Septimal Mind Blog

November 2019 (1836 Words, 11 Minutes)

SDLC tdd

Unit, Functional, Integration? You are doing it wrong

Summary

Many engineers don’t pay enough attention to tests. There are two reasons for this: it’s hard to write good tests, and it’s not easy to formalize which tests are good and which are bad.

We created our own test taxonomy, an alternative to the classic Unit/Functional/Integration trinity, allowing engineers to establish useful guidelines for their work on test suites.

The problem

We all write tests. Most of us do it regularly. Many of us consider tests as important as our business logic is because tests establish important contracts and greatly reduce maintenance costs.

Not all tests are equal, though. Once we write them, we start noticing that some are helpful while others are troublesome.

We may say that bad tests are:

Slow
Unstable: they fail randomly
Nonviable: don’t survive refactorings
Demanding: require complex preconditions to be met: external services up and running, fixtures loaded, etc, etc
Incomprehensible: they signal about a problem but don’t help us to localize the cause

Though the question is: how do we write better tests? How do we choose the best possible strategy when we start writing a test?

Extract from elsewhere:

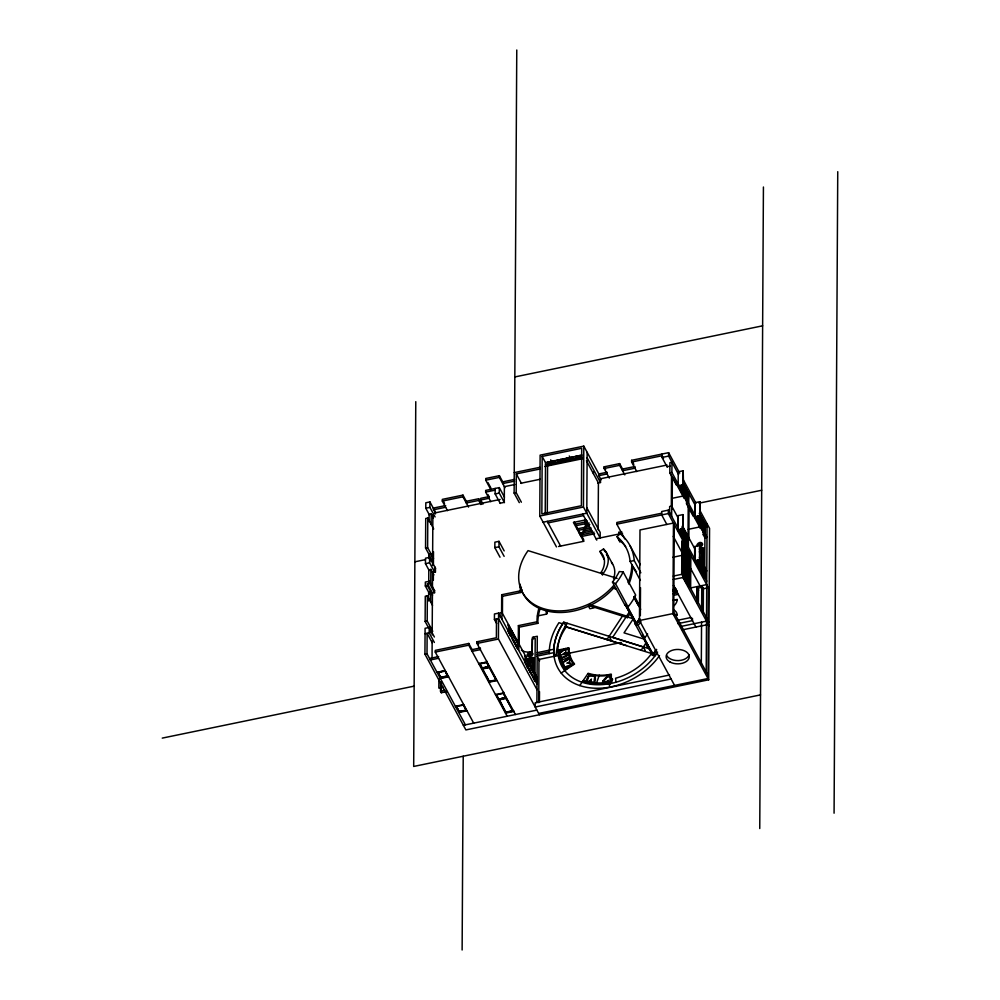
<?xml version="1.0" encoding="UTF-8"?>
<svg xmlns="http://www.w3.org/2000/svg" width="1000" height="1000" viewBox="0 0 1000 1000"><rect width="100%" height="100%" fill="white"/><g stroke="black" fill="none" stroke-linecap="round" stroke-linejoin="round"><path stroke-width="1.5" d="M415.775 401.675L413.688 766.45L760.512 694.887M699.675 510.075L709.562 528.375L708.7 679.8L465.875 729.912L424.938 654.212L425.087 628.288L430.538 627.225L430.5 632.675M428.825 628.3L425.125 621.475L425.275 596.225L427.337 595.8L432.512 605.375M429.762 594.2L425.337 586L425.35 582.075L429.487 581.225L434.663 590.788M429.15 570.487L425.462 563.663L425.487 558.2L429.625 557.35L435.538 568.288M429.25 554.8L425.55 547.975L425.725 518.475L427.788 518.05L433.7 528.975M429.475 515.075L425.775 508.237L425.812 502.775L429.938 501.925L433.638 508.762M465.425 724.85L427.013 653.787L427.125 633.325L432.3 642.887M432.762 631.337L427.2 621.038L427.337 595.8M432.575 595.138L427.4 585.575L427.413 583.7L429.475 583.275L434.65 592.837M433.525 558.475L427.612 547.55L427.788 518.05M428.625 600.95L428.675 592.175L430.737 591.75L430.675 601.987M428.738 582.112L428.8 569.837L430.863 569.412L433.837 574.9M428.862 558.538L428.888 554.15L430.962 553.725L430.913 561.038M429.075 521.725L429.125 514.412L431.188 513.987L433.413 518.112M434.363 642.463L429.188 632.9L429.225 627.438L434.387 637M429.475 583.275L429.487 581.225M434.762 572.375L429.588 562.812L429.625 557.35M435.075 516.95L429.913 507.388L429.938 501.925M430.775 584.763L430.863 569.412M431.125 524.225L431.188 513.987M432.05 658.25L432.15 641.15M432.175 634.938L432.425 592.962L434.487 592.537L434.5 590.487M432.45 587.85L432.537 572.5L434.6 572.075L434.637 566.625M432.575 565.513L432.863 514.875M435.5 513.938L433.275 508.113L445.662 505.55M433.338 580.188L433.375 574.05M433.425 563.987L433.5 551.712M435.45 572.263L435.462 568.162M473.688 723.138L435.262 652.075L435.275 650.375L468.762 643.462L472.45 650.3M440.788 677.987L440.788 677.3L447.8 675.863L447.8 676.538L440.788 677.987L437.863 671.9L440.788 677.55L447.8 676.1M438.888 678.775L438.837 688.112L443.2 687.2M447.163 691.538L441.337 692.738L440.5 691.2L440.562 681.862M447.488 510.65L442.312 501.075L442.325 499.375L462.975 495.112L466.662 501.95M441.337 692.738L441.4 681.85M447.8 676.538L444.888 670.45M466.175 709.837L466.175 710.525L459.162 711.975L461.975 710.713M468.525 507.113L462.962 496.812L462.975 495.112M466.175 710.525L463.263 704.438M462.125 950L463.225 756.225M507.175 716.237L468.75 645.175L468.762 643.462M515.438 714.525L477.013 643.462L477.013 641.762L496.388 637.762L496.488 619.012M478.688 500.438L478.7 498.738L466.312 501.287L466.3 503L478.688 500.438L480.913 504.562M496.225 679.6L496.225 680.288L489.212 681.737L479.6 663.288M480.75 499.988L480.763 498.312L489.025 496.613L489.012 498.288L480.75 499.988L482.987 504.113M490.838 501.675L485.675 492.113L485.675 490.4L499.312 487.612L504.475 497.188M490.85 489.663L485.737 480.2L485.75 478.488L499.375 475.675L503.762 483.787M487.038 661.325L487.038 662L478.775 663.713M489.212 681.737L489.212 681.05M489.125 667.15L489.125 666.475M489.338 666.862L489.338 667.537L482.312 668.988M496.637 623.538L494.425 619.438L494.462 613.975L498.587 613.125L537.013 684.188L537.05 677.362L501.962 612.487L499.9 612.913L499.875 617M500.012 557.212L494.837 547.638L494.875 542.188L499 541.337L504.175 550.9M500.312 503.488L495.15 493.925L495.175 488.438M539.362 714.737L498.438 639.05L498.587 613.125M504.137 556.35L498.963 546.788L499 541.337M504.45 502.638L499.275 493.075L499.312 487.612M504.938 487.688L499.363 477.388L499.375 475.675M498.812 698.812L498.812 699.5L506.05 697.987L512.938 710.837L505.913 712.288L499.025 699.438M499.025 699.2L499.025 699.887L506.037 698.438L506.05 697.75M501.587 613.2L501.7 594.738L520.3 590.887L521.138 592.438L502.525 596.275L501.7 594.738M501.925 619.3L501.962 612.487M502.438 613.2L502.525 596.275M503.738 692.225L503.738 692.9L495.475 694.6M512.938 710.5L512.938 711.175L505.913 712.625L505.913 711.95M505.838 698.05L505.838 697.362M508.612 631.663L508.65 624.837L507.825 625.013M510.788 636.287L510.95 630.462L508.312 625.85M511.012 635.225L511.163 630.85L518.05 643.587L518.025 647.938L517.925 643.612M511.538 636.562L511.575 630.763L510.75 630.925M519.3 502.638L514.125 493.075L516.775 50M513.763 710.763L513.763 711.438L505.5 713.138M521.362 502.212L516.188 492.65L516.3 473.888L540.075 468.988M518.3 644.087L518.4 625.625L537.013 621.788A64.275 47.613 -28.4 0 1 538.688 609.038M518.462 643.5L518.425 649.3L508.825 631.538L508.85 625.737L518.462 643.5L517.638 643.675L511.725 632.737M518.638 650.2L518.675 643.375L517.85 643.55M519.125 645.638L519.237 627.175L518.4 625.625M527.5 667.175L527.65 661.35L525.65 657.9M521.4 650.263A15.237 11.287 -28.4 0 0 532.175 651.625L532.25 639.012L533.275 638.8M534.6 680.312L534.625 674.513L527.737 661.762L527.7 667.562L531.15 673.938M534.725 680.288L534.75 674.488M535 674.762L535.212 638.4L533.975 638.65L533.975 636.95L537.288 636.263L536.9 702.8M535.138 680.2L535.163 674.4L525.562 656.637L525.525 662.438L535.138 680.2L534.312 680.375M556.475 546.925L539.775 516.038L540.125 455.15L583.8 446.138L599.763 475.662M538.737 702.65L538.975 659.438L621.362 642.438M539.438 702.4L539.5 691.587M542.175 456.438L541.85 513.9L581.4 505.737L581.725 448.275L542.175 456.438L545.513 462.612L545.225 513.862M546.325 610.85L546.3 614.163L537.4 615.975M547.288 513.663L547.587 461.85M546.737 610.775L546.712 614.113L547.35 611.125M549.35 653.575L549.375 650.163A65.638 48.625 -28.4 0 1 558.95 622.688L562.663 623.85M582.062 535.262L582.075 532.987M582.925 533.4L582.938 531.125L591.487 529.362M586.825 507.738L600.188 532.463L600.163 537.913L583.45 507.025L583.8 446.138M558.538 546.5L583.638 541.325L583.65 539.625L574.163 522.075M583.775 531.525L583.787 529.263L584.625 530.8M584.625 529.663L584.637 527.388L585.475 528.938L585.5 525.525L589.775 524.637M585.675 525.95L584.875 519.862M586.337 525.938L586.35 523.663L589.2 523.075M587.137 452.325L586.788 513.2L543.112 522.212M587.275 525.188L587.3 520.875M593.4 473.65L593.413 471.95M598.138 529.763L598.413 482.925L586.438 460.775M598.825 475.65L598.837 473.95L607.1 472.25L607.087 473.95L598.825 475.65L601.05 479.775M597.725 483.062L600.475 482.5L600.5 478.75L667.038 465.025M609.312 478.075L604.15 468.512L604.163 466.812L619.637 463.612L623.3 470.375M610.037 682.962L610.087 674.425M624.788 538.9L616.825 524.175L616.838 522.475L661.688 513.212M621.737 531.775L618.737 532.388L618.725 534.087L596.025 538.775M624.8 474.875L619.625 465.325L619.637 463.612M636.788 471.587L631.613 462.025L631.625 460.312L668.637 452.675L679.725 473.175M674.562 685.413L639.475 620.513L639.987 529.963L673.438 523.062L672.913 613.612L708.7 679.8M640.337 615.688L640.5 587.625M667.188 467.013L662.013 457.45L662.038 454.038M709.212 589.25L668.288 513.562L668.312 510.15L661.7 511.512L661.688 514.925L666.85 524.487M678.637 474.625L668.625 456.087L668.637 452.675M669.6 513.825L669.65 506.525L671.712 506.1L678.388 518.45M678.8 484.725L676.525 485.288L669.837 472.925L669.9 462.688L671.963 462.262L671.9 472.5L678.587 484.85M671.338 505.938L671.513 475.05M671.65 516.325L671.712 506.1M672.163 509.025L672.35 476.6M674.262 524.612L673.763 611.9L708.025 675.25M674.35 587.15L674.35 586.125M675.113 588.562L675.325 587.925M672.962 589.562L675.888 588.962L675.875 589.975L672.962 590.588M676.087 590.363L675.888 588.962M677.9 529.963L677.987 515.638L682.938 514.612L683.275 529.712L678.325 530.725L677.9 529.963L682.862 528.938L682.938 514.612M678.15 486.125L678.238 471.8L683.188 470.788L683.525 485.875L678.575 486.9L678.15 486.125L683.112 485.112L687.625 493.462L688.45 493.288L688.4 502.5L687.575 502.663L677.975 484.9M678.325 530.725L677.987 515.638M680.763 533.688L680.788 529.338M681.062 530.125L681.05 533.188L680.225 533.362M681.325 484.762L681.3 489.363L680.475 489.538M681.287 528.975L681.263 533.575L680.438 533.75M681.538 485.15L681.513 489.75L680.688 489.925M681.875 541.237L681.688 574.362L683.138 574.5L683.325 541.375L681.875 541.237L683.112 540.988L682.9 577.513L709.013 625.788M681.9 574.75L682.087 541.625M682.463 574.275L682.638 542.663L683.875 542.4L683.688 575.525M683.112 485.112L683.188 470.788M683.9 575.913L684.087 542.788M684.75 580.025L684.85 544.2M685.413 545.237L685.225 578.362L683.988 578.612M685.625 545.625L685.438 578.75L684.188 579M685.7 548.325L685.512 581.45L686.75 581.188L686.95 548.062L685.7 548.325L687.15 548.45L686.963 581.575M685.987 579.775L686.175 546.65L684.938 546.9M679.3 486.175L695.288 515.75L693.225 516.175L686.538 503.825L686.562 500.9M681.287 529.225L688.175 541.975L687.35 542.15L688.175 541.462L681.975 530M687.525 546.45L687.675 542.075L680.662 529.362L680.638 533.713L686.963 545.15M687.562 540.138L687.712 537.212L682.2 527.025M687.788 501.175L687.925 498.25L681.6 486.8M687.812 496.312L687.962 493.387L683.825 485.737L687.837 493.413M687.725 582.987L687.913 549.862L686.475 549.738L687.712 549.487L687.525 582.6L686.275 582.863M688.037 536.838L688.213 505.95M687.325 546.5L688.15 546.325L688.2 537.112L682.288 526.188M688.475 550.9L688.288 584.025L687.05 584.275M688.662 493.162L688.612 503.4L686.538 503.825M688.5 584.412L688.688 551.287M688.863 539.925L689.062 505.95M689.05 585.438L689.237 552.312M689.812 586.85L690.013 553.725M690.65 588.4L690.837 555.275M692.463 618.35L692.45 620.625L677.837 623.638M694.613 560.85L694.688 546.525L699.65 545.513L699.975 560.6L695.025 561.625L694.613 560.85L699.562 559.825L704.087 568.188L704.025 577.388L704.85 577.225L704.912 568.013L699.737 558.45M694.862 517.025L694.938 502.7L699.9 501.675L700.238 516.775L695.275 517.8L694.862 517.025L699.812 516L704.338 524.35L705.163 524.188L705.113 533.387L704.275 533.562L694.675 515.8L695.5 515.625M695.025 561.625L694.688 546.525M695.275 517.8L694.938 502.7M695.25 559.45L695.3 550.25M696.712 601.725L696.8 586.663L698.688 590.138M697.987 559.875L697.962 564.475L697.138 564.65L696.95 561.188M695.263 560.737L697.262 564.188L697.15 561.15M697.387 520.388L697.412 515.788M697.262 564.188L697.375 560.25L704.388 572.975L704.237 577.35M704.613 533.5L697.6 520.775L697.537 515.763M697.475 563.125L697.5 560.225M697.725 520.75L697.75 516.4M697.55 603.263L697.638 588.212L702.588 587.188L703.425 588.725L703.288 612.825M697.775 561.025L697.75 564.087L696.925 564.263M698.025 517.188L698.012 520.262L697.175 520.438M698.238 516.038L698.213 520.65L697.387 520.812M698.4 601.8L698.475 589.75M699.562 559.825L699.65 545.513M699.812 516L699.9 501.675M700.45 526.237L700.438 528.513L689.35 508.013M701.312 663.875L701.55 622.175M701.612 611.237L701.762 585.638M702.463 609.775L702.588 587.188M696 517.075L706.988 537.375L704.912 537.8L703.25 534.712L703.275 530.325M698.238 516.3L705.138 529.05L704.3 529.212L705.138 528.538L698.938 517.062M704.262 572.487L704.412 568.112L699.463 559.212M704.488 533.525L704.638 529.15L697.625 516.425M704.525 527.212L704.663 524.288L699.837 515.363M704.737 570.15L704.925 535.95M705.375 524.062L705.312 534.288L703.25 534.712M706.2 673.125L707.062 523.737M708.188 620.837L708.388 587.712L703.425 588.725M759.75 828.538L763.425 187.013M834.075 813.2L837.75 171.688M529.612 654.613L530.388 654.362L527.263 655.113M699.375 544.888L700.15 544.637L697.025 545.388M701.587 560.225L701.7 559.788A29.275 21.688 -28.4 0 0 701.838 550.55M596.25 684L599.237 675.225M529.888 661.513L529.012 663M626.725 605.85L636.325 623.612L639.513 618.513M636.325 623.612L639.612 618.538M639.15 619.913L636.675 623.713L627.075 605.95M636.562 624.612L625.837 605.862L635.862 624.4L636.562 624.612L639.775 619.65M656.475 650.55L653.263 655.5L652.562 655.288L656.325 649.438L652.925 654.475L644.062 638.075M652.688 654.4L653.388 654.613L656.675 649.538M606.938 639.637L622.812 615.55M627.45 617.638L626.613 616.087L628.85 612.7L629.688 614.237L627.45 617.638L588.888 605.575M641.15 650.275L645.562 643.587L647.438 647.062M579.775 685.575L588.162 673.275A44.875 33.25 -28.4 0 0 611.325 674.175L611.275 682.7A55.775 41.312 -28.4 0 1 582.487 681.587M530.612 660.387L531.962 658.975L533.888 659.513M700.375 550.662L701.725 549.25L703.65 549.788M700.5 550.737L701.8 549.388L703.65 549.938M640.387 580.425L630.1 561.4A64.088 47.475 -28.4 0 0 617.025 536.65L620.15 533.763A66.775 49.462 -28.4 0 1 634.225 560.55L640.837 572.788M518.675 592.288L522.062 589.637M564.9 669.375L573.875 663.3M561.175 673.05L564.775 670.625M602.575 575.112L601.125 572.438A24.388 18.062 -28.4 0 0 599.9 551.4L603.525 548.975L604.975 551.65M560.375 660.775L570.363 656.525M699.775 545.125L699.788 547.062A2.888 2.138 -28.4 0 0 702.463 543.837A2.888 2.138 -28.4 0 0 698.812 542.888A2.888 2.138 -28.4 0 0 697.4 546.438M699.463 551.475L699.6 552.312M702.025 559.325L700.5 559.763M532.275 669.038L531.4 669.3M702.4 559.113L700.487 559.562M532.638 668.838L531.438 669.112M529.2 658.425L532.137 657.825M699.475 548.6L701.9 548.112M700.163 544.725L702.513 544.212M699.862 548.763L702.9 548.112M699.5 551.888L701.338 551.5M530.4 654.438L532.75 653.938M527.075 659.137L533.138 657.837M531.263 661.3L529.738 661.612M514.9 376.925L762.638 325.812M545.513 462.612L582.025 455.075M545.5 464.663L582.013 457.125M514.237 472.612L539.85 467.325M544.812 466.512L582.987 458.625M485.737 480.2L499.363 477.388M514.612 479.4L502.713 481.863L502.7 483.562L514.6 481.112M514.812 484.513L504.375 486.662L504.288 502.337L500.163 503.2M520.775 483.275L540.15 479.275M442.312 501.075L462.962 496.812M485.675 492.113L495.163 490.15M631.613 462.025L662.025 455.75L663.5 458.475M604.15 468.512L619.625 465.325M662.013 457.45L668.625 456.087M425.775 508.237L429.913 507.388M495.15 493.925L499.275 493.075M514.125 493.075L516.188 492.65M433.275 509.812L445.662 507.262M434.412 513.025L500.175 499.45M667.025 466.725L670.05 466.1M669.837 472.925L671.9 472.5M539.775 516.038L583.45 507.025M425.55 547.975L427.612 547.55M548.075 522.9L583.5 515.6M671.637 498.413L683.737 495.925M687.6 497.812L688.425 497.638L681.538 484.888M687.6 498.312L688.425 498.15L681.538 485.4M585.812 519.875L573.425 522.425L583.638 541.325M574.875 524.2L584.862 522.137M575.712 525.737L585.688 523.688M414.862 561.812L425.525 559.612M698.988 503.188L761.688 490.25M577.112 528.862L588.925 526.512M494.837 547.638L498.963 546.788M577.95 530.4L590.925 527.788M425.462 563.663L429.588 562.812M616.825 524.175L668.288 513.562M579.362 533.525L592.062 530.925M580.188 535.062L594.062 532.2M581.3 536.525L594.587 533.787M622.575 533.312L619.575 533.938L618.737 532.388M688.288 529.312L700.45 526.812M425.337 586L427.4 585.575M685.15 547.288L686.388 547.038L686.2 580.163L684.963 580.413M687.525 547.388L688.35 547.225L688.413 536.987L687.375 537.288L682.2 527.725M630.1 561.4L634.225 560.55M688.213 552.95L689.45 552.7L689.262 585.825L688.025 586.075M672.938 557.25L681.9 555.388M425.125 621.475L427.2 621.038M704.3 568.062L705.125 567.888L705.062 578.112L704.237 578.288M704.087 568.188L704.912 568.013M673.288 576.087L682.925 574.1L709.025 622.375M704.062 572.525L704.887 572.362L698.688 560.887M683.213 577.2L684.463 576.938L684.65 543.812L683.612 544.462M673.275 579.5L682.9 577.513M683.425 577.587L684.663 577.325M425.062 633.75L429.188 632.9M494.425 619.438L498.55 618.587L536.975 689.65M673.162 590.975L676.65 590.375L676.65 591.4L673.725 592M594.012 607.875L589.888 608.725L588.4 605.975M673.938 591.362L676.862 590.763M690.788 587.9L706.712 584.612M673.938 592.388L676.85 591.788M673.025 593.713L677.412 592.812M519.237 627.175L537.837 623.337A64.275 47.613 -28.4 0 1 540.3 608M673.863 595.262L678.25 594.362M510.538 630.55L511.362 630.375L511.325 636.175L510.5 636.337M673.037 600.3L677.288 599.412A10.462 7.75 -28.4 0 1 674.212 605.612M674.237 600.388L677.288 599.763M424.938 654.212L427.013 653.787M435.262 652.075L468.75 645.175M477.013 643.462L498.438 639.05M438.612 656.575L430.363 658.288L430.35 659.963L438.6 658.263M533.288 637.087L532.463 637.263L532.175 651.625M639.475 620.513L672.913 613.612M674.15 615.388L677.2 614.763M677.862 620.225L691 617.513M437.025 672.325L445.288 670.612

It’s surprisingly hard to answer that question and I think that one of the reasons for that is the fact that we… just miss proper vocabulary and improperly use the existing one.

We used to classify tests using words like “Unit”, “Functional”, and “Integration” (also “System”, “Performance”, and “Acceptance”). And we think something like: “unit tests are better than functional tests, and integration tests are the worst.” We also know that high coverage is good.

Usual definitions are:

A unit test checks the functionality of individual modules or units.
A functional test checks whether the system works according to the requirements.
An integration test checks related programs, modules, or units of code.

Let’s assume we have a system with the following components:

ILoanCalculator with one implementation — LoanCalculatorImpl
IUserRepository with two implementations — UserRepositoryPostgresImpl and UserRepositoryInMemoryImpl
IAccountingService with one implementation — AccountingServiceImpl. It depends on IUserRepository and ILoanCalculator.
An HTTP server exposing RPC API.

We wrote a test for IAccountingService, then wired our test with LoanCalculatorImpl and UserRepositoryPostgresImpl.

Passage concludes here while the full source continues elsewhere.